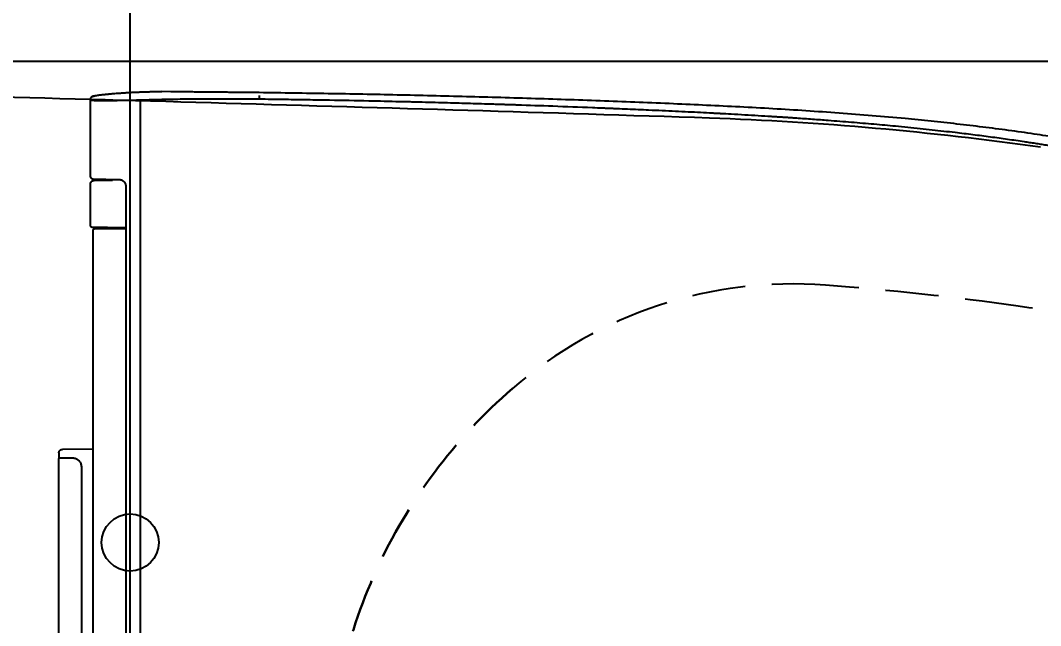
# Model space of a CAD drawing. Extents: x 76 to 2241, y -59 to 2238.
# Drawn here: x 460.6 to 746.6, y 1650.7 to 1820.5 of the extents above; entities that cross this region are included whole.
import ezdxf

# ---------------------------------------------------------------- set-up
doc = ezdxf.new("R2010")
doc.units = 0
doc.header["$LTSCALE"] = 20
doc.header["$MEASUREMENT"] = 0
doc.linetypes.add('HIDDEN', pattern=[0.375, 0.25, -0.125])
doc.linetypes.add('SLD-실선', pattern=[0])
doc.layers.get('0').update_dxf_attribs({"linetype": 'CONTINUOUS'})
doc.layers.get('DEFPOINTS').update_dxf_attribs({"linetype": 'CONTINUOUS'})
doc.layers.add('3', color=3, linetype='CONTINUOUS')
doc.layers.add('THIN', color=8, linetype='CONTINUOUS')
doc.styles.get("Standard").update_dxf_attribs({"font": 'NanumGothic.ttf'})
doc.dimstyles.get("Standard").update_dxf_attribs({"dimtxt": 2.7, "dimasz": 2, "dimexe": 2, "dimexo": 1, "dimgap": 1.5, "dimtad": 1, "dimlfac": 10, "dimzin": 0, "dimdsep": 46, "dimtxsty": 'Standard', "dimcen": 0, "dimclrt": 2, "dimadec": 0, "dimazin": 0, "dimtfac": 1, "dimtofl": 0, "dimtmove": 0, "dimatfit": 3, "dimfxl": 0, "dimtolj": 1, "dimtzin": 0, "dimarcsym": 0})

# ---------------------------------------------------------------- blocks, each defined once
blk = doc.blocks.new('*D22')
at = {"color": 3, "lineweight": -2}
for p, q in [((261.34, 1796.72), (261.34, 1963.46)), ((961.34, 1609.02), (961.34, 1963.46)), ((281.34, 1953.46), (941.34, 1953.46))]:
    blk.add_line(p, q, dxfattribs=at)
at = {"color": 3}
for points in [[(281.34, 1956.8), (281.34, 1950.13), (261.34, 1953.46)], [(941.34, 1956.8), (941.34, 1950.13), (961.34, 1953.46)]]:
    blk.add_solid(points, dxfattribs=at)
at = {"layer": 'DEFPOINTS', "color": 0}
for p in [(961.34, 1953.46), (261.34, 1791.72), (961.34, 1604.02)]:
    blk.add_point(p, dxfattribs=at)
at = {"color": 2, "insert": (641.34, 1979.69), "char_height": 30, "attachment_point": 5}
blk.add_mtext('\\A1;700', dxfattribs=at)
blk = doc.blocks.new('*D23')
at = {"color": 3, "lineweight": -2}
for p, q in [((491.34, 1531.42), (491.34, 1889.51)), ((961.34, 1609.02), (961.34, 1889.51)), ((511.34, 1879.51), (941.34, 1879.51))]:
    blk.add_line(p, q, dxfattribs=at)
at = {"color": 3}
for points in [[(511.34, 1882.85), (511.34, 1876.18), (491.34, 1879.51)], [(941.34, 1882.85), (941.34, 1876.18), (961.34, 1879.51)]]:
    blk.add_solid(points, dxfattribs=at)
at = {"layer": 'DEFPOINTS', "color": 0}
for p in [(961.34, 1879.51), (961.34, 1604.02), (491.34, 1526.42)]:
    blk.add_point(p, dxfattribs=at)
at = {"color": 2, "insert": (726.34, 1905.74), "char_height": 30, "attachment_point": 5}
blk.add_mtext('\\A1;470', dxfattribs=at)
blk = doc.blocks.new('*D24')
at = {"color": 3, "lineweight": -2}
for p, q in [((278.34, 1809.02), (1105.15, 1809.02)), ((1095.15, 1789.02), (1095.15, 1419.02)), ((278.34, 1399.02), (1105.15, 1399.02))]:
    blk.add_line(p, q, dxfattribs=at)
at = {"color": 3}
for points in [[(1091.81, 1789.02), (1098.48, 1789.02), (1095.15, 1809.02)], [(1091.81, 1419.02), (1098.48, 1419.02), (1095.15, 1399.02)]]:
    blk.add_solid(points, dxfattribs=at)
at = {"layer": 'DEFPOINTS', "color": 0}
for p in [(273.34, 1809.02), (273.34, 1399.02), (1095.15, 1399.02)]:
    blk.add_point(p, dxfattribs=at)
at = {"color": 2, "insert": (1068.92, 1604.02), "char_height": 30, "attachment_point": 5, "rotation": 90}
blk.add_mtext('\\A1;410', dxfattribs=at)
blk = doc.blocks.new('A$C20b64e20')
at = {"color": 2, "linetype": 'SLD-실선', "lineweight": 25}
for p, q in [((210.11, 490), (290.11, 490)), ((290.31, 489.8), (290.25, 486.11)), ((290.31, 490), (290.26, 486.17)), ((291.65, 490), (290.31, 490)), ((292.65, 489.01), (292.65, 489)), ((292.72, 480.5), (292.65, 489)), ((287.76, 483.7), (105.29, 483.7)), ((366.97, 481.25), (355.62, 481.25)), ((390.65, 481.25), (369.49, 481.25)), ((391.53, 480.78), (391.43, 480.9)), ((267.37, 480.5), (125.68, 480.5)), ((290.81, 480.48), (267.37, 480.5)), ((353.82, 480.5), (293.3, 480.5)), ((355.01, 480.51), (355.01, 480.48)), ((368.04, 479.95), (368.04, 479.99)), ((368.05, 479.8), (368.04, 479.99)), ((368.05, 479.77), (368.04, 479.95)), ((354.94, 475), (354.52, 475)), ((354.93, 473.85), (354.52, 473.85)), ((368.4, 473.21), (368.39, 473.17)), ((366.38, 471.24), (26.67, 471.24)), ((390.61, 467.25), (2.43, 467.25))]:
    blk.add_line(p, q, dxfattribs=at)
blk.add_arc((353.82, 479.8), 0.7, 0, 90, dxfattribs=at)
for points, knots in [([(290.17, 489.99), (290.15, 490), (290.13, 490), (290.11, 489.99), (290.1, 489.99)], [0, 0, 0, 0, 0.468049, 1, 1, 1, 1]), ([(290.31, 489.8), (290.3, 489.83), (290.3, 489.87), (290.27, 489.92), (290.24, 489.95), (290.2, 489.99), (290.17, 489.99), (290.17, 489.99)], [0, 0, 0, 0, 0.310603, 0.462773, 0.621111, 0.929955, 1, 1, 1, 1]), ([(291.65, 490), (291.76, 489.99), (291.99, 489.97), (292.29, 489.8), (292.51, 489.54), (292.63, 489.27), (292.64, 489.08), (292.65, 489.01)], [0, 0, 0, 0, 0.2158918, 0.4317837, 0.6476755, 0.8635673, 1, 1, 1, 1]), ([(290.26, 486.17), (290.25, 486.02), (290.23, 485.71), (290.1, 485.27), (289.89, 484.88), (289.65, 484.55), (289.36, 484.27), (289.03, 484.04), (288.66, 483.86), (288.24, 483.73), (287.93, 483.71), (287.76, 483.7)], [0, 0, 0, 0, 0.142477, 0.284782, 0.39639, 0.507888, 0.602673, 0.697393, 0.792658, 0.887876, 1, 1, 1, 1]), ([(355.63, 481.25), (355.6, 481.25), (355.55, 481.25), (355.48, 481.24), (355.44, 481.23), (355.41, 481.22), (355.38, 481.2), (355.36, 481.19), (355.33, 481.18), (355.29, 481.16), (355.26, 481.13), (355.21, 481.09), (355.18, 481.06), (355.16, 481.03), (355.14, 481.01), (355.13, 481), (355.13, 480.98), (355.12, 480.97), (355.11, 480.96), (355.1, 480.94), (355.08, 480.92), (355.07, 480.88), (355.05, 480.84), (355.04, 480.79), (355.02, 480.72), (355.01, 480.63), (355.01, 480.55), (355.01, 480.51)], [0, 0, 0, 0, 0.047595, 0.068455, 0.077997, 0.087196, 0.096503, 0.106545, 0.118015, 0.131559, 0.166062, 0.205191, 0.239582, 0.25259, 0.257962, 0.26283, 0.26767, 0.273122, 0.279788, 0.28813, 0.311108, 0.344129, 0.421732, 0.534002, 0.676405, 0.838677, 1, 1, 1, 1]), ([(368.04, 479.99), (368.04, 480.04), (368.04, 480.15), (368.03, 480.27), (368.01, 480.37), (368, 480.45), (367.98, 480.52), (367.96, 480.58), (367.93, 480.63), (367.91, 480.68), (367.89, 480.71), (367.88, 480.73), (367.86, 480.76), (367.84, 480.79), (367.81, 480.84), (367.76, 480.9), (367.71, 480.96), (367.64, 481.02), (367.55, 481.08), (367.45, 481.14), (367.35, 481.19), (367.25, 481.22), (367.11, 481.25), (367.02, 481.25), (366.96, 481.25)], [0, 0, 0, 0, 0.131487, 0.257832, 0.373143, 0.47152, 0.547516, 0.601113, 0.629052, 0.648897, 0.656751, 0.66383, 0.670629, 0.677564, 0.692776, 0.719727, 0.749722, 0.78822, 0.819862, 0.847229, 0.874104, 0.902744, 0.93372, 1, 1, 1, 1]), ([(369.52, 481.25), (369.45, 481.25), (369.33, 481.25), (369.15, 481.2), (369.02, 481.14), (368.92, 481.07), (368.84, 481.02), (368.78, 480.96), (368.72, 480.89), (368.65, 480.8), (368.6, 480.68), (368.55, 480.55), (368.51, 480.4), (368.49, 480.21), (368.47, 479.99), (368.46, 479.79), (368.46, 479.67), (368.46, 479.65)], [0, 0, 0, 0, 0.038461, 0.075159, 0.11042, 0.128381, 0.149521, 0.177358, 0.213909, 0.270575, 0.341726, 0.427743, 0.528971, 0.645803, 0.79449, 0.963773, 1, 1, 1, 1]), ([(390.61, 467.25), (390.61, 467.59), (390.59, 468.26), (390.56, 469.26), (390.54, 470.23), (390.52, 471.18), (390.5, 472.1), (390.49, 472.94), (390.48, 473.71), (390.47, 474.4), (390.46, 475.07), (390.45, 475.71), (390.45, 476.31), (390.45, 476.88), (390.45, 477.47), (390.45, 478.07), (390.45, 478.66), (390.46, 479.18), (390.47, 479.65), (390.48, 480.05), (390.5, 480.4), (390.52, 480.7), (390.54, 480.93), (390.57, 481.11), (390.6, 481.21), (390.63, 481.26), (390.64, 481.25), (390.65, 481.25)], [0, 0, 0, 0, 0.046035, 0.09153, 0.136484, 0.180899, 0.224773, 0.268108, 0.304824, 0.341145, 0.377069, 0.412597, 0.447729, 0.482465, 0.516806, 0.561346, 0.605286, 0.648625, 0.691365, 0.733506, 0.775049, 0.817914, 0.860853, 0.903866, 0.946954, 0.990117, 1, 1, 1, 1]), ([(391.43, 480.9), (391.38, 480.95), (391.29, 481.04), (391.09, 481.16), (390.87, 481.24), (390.71, 481.25), (390.63, 481.25)], [0, 0, 0, 0, 0.271934, 0.526788, 0.765933, 1, 1, 1, 1]), ([(391.78, 480.16), (391.77, 480.26), (391.74, 480.44), (391.64, 480.64), (391.56, 480.74), (391.53, 480.78)], [0, 0, 0, 0, 0.44134, 0.788461, 1, 1, 1, 1]), ([(293.3, 480.5), (293.16, 480.5), (292.87, 480.5), (292.39, 480.5), (291.88, 480.49), (291.35, 480.49), (290.99, 480.48), (290.81, 480.48)], [0, 0, 0, 0, 0.18463, 0.381766, 0.584481, 0.792297, 1, 1, 1, 1]), ([(354.52, 471.24), (354.52, 471.52), (354.52, 472.03), (354.52, 472.75), (354.52, 473.39), (354.52, 474.02), (354.52, 474.62), (354.52, 475.19), (354.52, 475.74), (354.52, 476.27), (354.52, 476.77), (354.52, 477.25), (354.52, 477.69), (354.52, 478.1), (354.52, 478.54), (354.52, 478.97), (354.52, 479.3), (354.52, 479.52), (354.52, 479.67), (354.52, 479.76), (354.52, 479.8), (354.52, 479.8), (354.52, 479.8)], [0, 0, 0, 0, 0.060481, 0.108737, 0.156859, 0.205082, 0.251562, 0.297921, 0.344369, 0.392033, 0.439568, 0.487199, 0.536308, 0.585277, 0.634353, 0.708489, 0.782589, 0.831328, 0.879931, 0.928637, 0.975603, 1, 1, 1, 1]), ([(355.01, 480.48), (355, 480.43), (355, 480.34), (354.99, 480.15), (354.99, 479.92), (354.98, 479.65), (354.98, 479.33), (354.97, 479), (354.97, 478.67), (354.96, 478.35), (354.96, 478.01), (354.96, 477.64), (354.95, 477.26), (354.95, 476.86), (354.95, 476.46), (354.94, 476.07), (354.94, 475.69), (354.94, 475.31), (354.94, 474.91), (354.93, 474.5), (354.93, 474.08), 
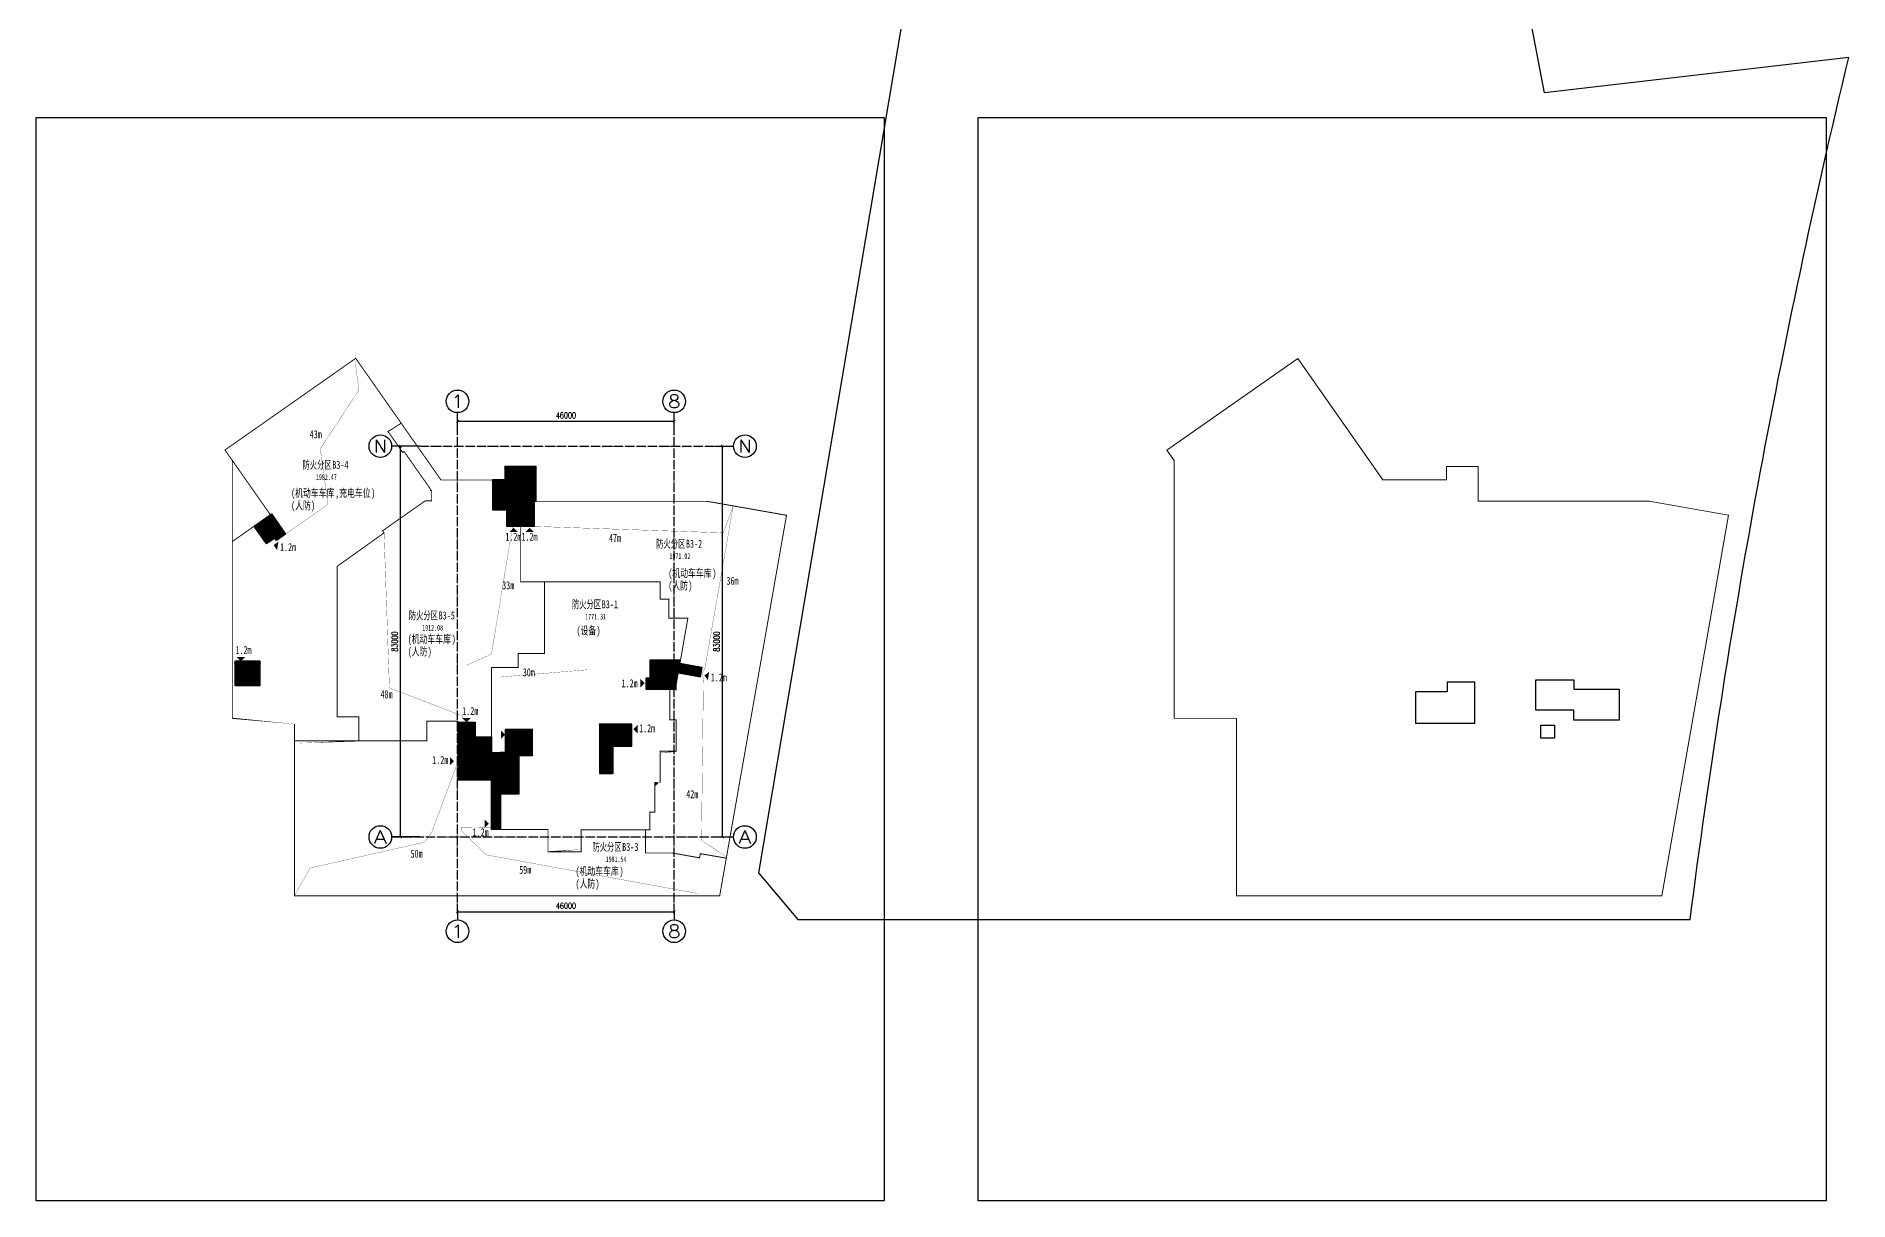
# Model space of a CAD drawing. Header units: millimetres. Extents: x 12325263 to 13848842, y -1463133 to 573208.
# Drawn here: x 12668842 to 13053669, y -1463133 to -1215860 of the extents above; entities that cross this region are included whole.
import ezdxf
from ezdxf.enums import TextEntityAlignment as Align
from ezdxf.lldxf.tags import DXFTag

# ---------------------------------------------------------------- set-up
doc = ezdxf.new("R2010")
doc.units = ezdxf.units.MM
doc.header["$LTSCALE"] = 1000
doc.linetypes.add('DASH', pattern=[0.35, 0.25, -0.1])
doc.linetypes.add('DOTE', pattern=[2.4200000000000004, 2, -0.2, 0.02, -0.2])
for name, color, linetype in [('00-防火分区示意', 251, 'Continuous'), ('A-ANNO-TEXT', 7, 'Continuous'), ('A-AREA', 211, 'Continuous'), ('A-AXIS', 16, 'DOTE'), ('AXIS', 3, 'Continuous'), ('AXIS_TEXT', 7, 'Continuous'), ('DIM_ELEV', 3, 'Continuous'), ('PUB_HATCH', 8, 'Continuous'), ('SPACE', 7, 'Continuous'), ('净用地范围线', 6, 'Continuous')]:
    doc.layers.add(name, color=color, linetype=linetype)
doc.layers.add('地下室轮廓', color=6, linetype='Continuous', lineweight=18)
doc.styles.add('_TCH_AXIS', font='COMPLEX', dxfattribs={"bigfont": 'GBCBIG'})
doc.styles.add('_TCH_DIM_T3', font='SIMPLEX.shx', dxfattribs={"width": 0.7058823529411765, "bigfont": 'GBCBIG.shx'})
doc.styles.add('COMPLEX', font='COMPLEX')
doc.styles.add('TITXV', font='', dxfattribs={"width": 0.7})
doc.styles.add('宋体', font='', dxfattribs={"width": 0.65})
doc.styles.get('TITXV').set_extended_font_data('SimSun')
doc.styles.get('宋体').set_extended_font_data('SimSun')
tags = doc.linetypes.add('DASHDOT', pattern=[1, 0.5, -0.25, 0, -0.25]).pattern_tags.tags
tags[10:11] = [DXFTag(74, 4), DXFTag(75, 0), DXFTag(340, '0'), DXFTag(46, 1.0), DXFTag(50, 0.0), DXFTag(44, 0.0), DXFTag(45, 0.0)]
tags[8:9] = [DXFTag(74, 4), DXFTag(75, 0), DXFTag(340, '0'), DXFTag(46, 1.0), DXFTag(50, 0.0), DXFTag(44, 0.0), DXFTag(45, 0.0)]
tags[6:7] = [DXFTag(74, 4), DXFTag(75, 0), DXFTag(340, '0'), DXFTag(46, 1.0), DXFTag(50, 0.0), DXFTag(44, 0.0), DXFTag(45, 0.0)]
tags[4:5] = [DXFTag(74, 4), DXFTag(75, 0), DXFTag(340, '0'), DXFTag(46, 1.0), DXFTag(50, 0.0), DXFTag(44, 0.0), DXFTag(45, 0.0)]
doc.dimstyles.new('_TCH_ARCH&&500', dxfattribs={"dimtxt": 1275, "dimasz": 500, "dimexe": 1250, "dimexo": 1500, "dimgap": 612.5, "dimtad": 1, "dimdec": 0, "dimzin": 0, "dimdsep": 46, "dimtxsty": '_TCH_DIM_T3', "dimblk": 'ARCHTICK', "dimcen": 0.09, "dimclrt": 7, "dimazin": 2, "dimtfac": 1, "dimtdec": 0, "dimtix": 1, "dimtmove": 2, "dimatfit": 3, "dimfxl": 1, "dimfxlon": 1, "dimtolj": 1, "dimtzin": 0, "dimarcsym": 0})
pattern_1 = [(45, (-12769091.87863091, 1310048.227068082), (-112.2532015133644, 112.2532015133644), []), (135, (-12769091.87863091, 1310048.227068082), (-112.2532015133644, -112.2532015133644), [])]
pattern_2 = [(45, (-12569091.87635023, 1310048.227068082), (-112.2532015133644, 112.2532015133644), []), (135, (-12569091.87635023, 1310048.227068082), (-112.2532015133644, -112.2532015133644), [])]

# ---------------------------------------------------------------- blocks, each defined once
blk = doc.blocks.new('A$C20EA3404')
at = {"layer": '00-防火分区示意', "color": 6, "ltscale": 10, "const_width": 48.14814814814815}
for points in [[(6.24796936661005, 6.244889133609831), (656.24796936661, 656.2448891336098)], [(6.24796936661005, 656.2448891336098), (656.24796936661, 6.244889133609831)]]:
    blk.add_lwpolyline(points, dxfattribs=at)
blk.add_lwpolyline([(6.24796936661005, 6.244889133609831), (656.24796936661, 6.244889133609831), (656.24796936661, 656.2448891336098), (6.24796936661005, 656.2448891336098)], close=True, dxfattribs=at)
blk = doc.blocks.new('_AXISO')
blk.add_circle((0, 0), 0.5)
at = {"layer": 'AXIS_TEXT', "style": 'COMPLEX', "width": 1.041666666666667}
blk.add_attdef('A', text='', height=0.56, dxfattribs=at).set_placement((-0.25, -0.28), (0.25, -0.28), align=Align.FIT)
blk = doc.blocks.new('_ArchTick')
at = {"color": 0, "linetype": 'ByBlock', "const_width": 0.4}
blk.add_lwpolyline([(-0.5, -0.5), (0.5, 0.5)], dxfattribs=at)
blk = doc.blocks.new('*D5309')
at = {"layer": 'AXIS', "color": 0, "lineweight": -2, "transparency": 16777216}
for p, q in [((-50994.51611375064, -15865.73619283969), (-50994.51611375064, -17116.73619283969)), ((-50994.51611375064, -15866.73619283969), (-4994.516113750636, -15866.73619283969)), ((-4994.516113750636, -15865.73619283969), (-4994.516113750636, -17116.73619283969))]:
    blk.add_line(p, q, dxfattribs=at)
at = {"layer": 'Defpoints', "color": 0, "transparency": 16777216}
for p in [(-50994.51611375064, -12518.72951724473), (-4994.516113750636, -12518.72951724473), (-4994.516113750636, -15866.73619283969)]:
    blk.add_point(p, dxfattribs=at)
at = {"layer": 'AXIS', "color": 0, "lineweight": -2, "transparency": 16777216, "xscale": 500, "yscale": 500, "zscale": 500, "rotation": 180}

......

**What the task asks**
Starting at the first line of the material above and ending with the line that contains "doc.linetypes.add('HIDDEN', pattern=[0.375, 0.25, -0.125])", reproduce every line exactly, and leave out the pictures.

**Answer to the problem**
# Model space of a CAD drawing. Extents: x 76 to 2241, y -59 to 2238.
# Drawn here: x 460.6 to 746.6, y 1650.7 to 1820.5 of the extents above; entities that cross this region are included whole.
import ezdxf

# ---------------------------------------------------------------- set-up
doc = ezdxf.new("R2010")
doc.units = 0
doc.header["$LTSCALE"] = 20
doc.header["$MEASUREMENT"] = 0
doc.linetypes.add('HIDDEN', pattern=[0.375, 0.25, -0.125])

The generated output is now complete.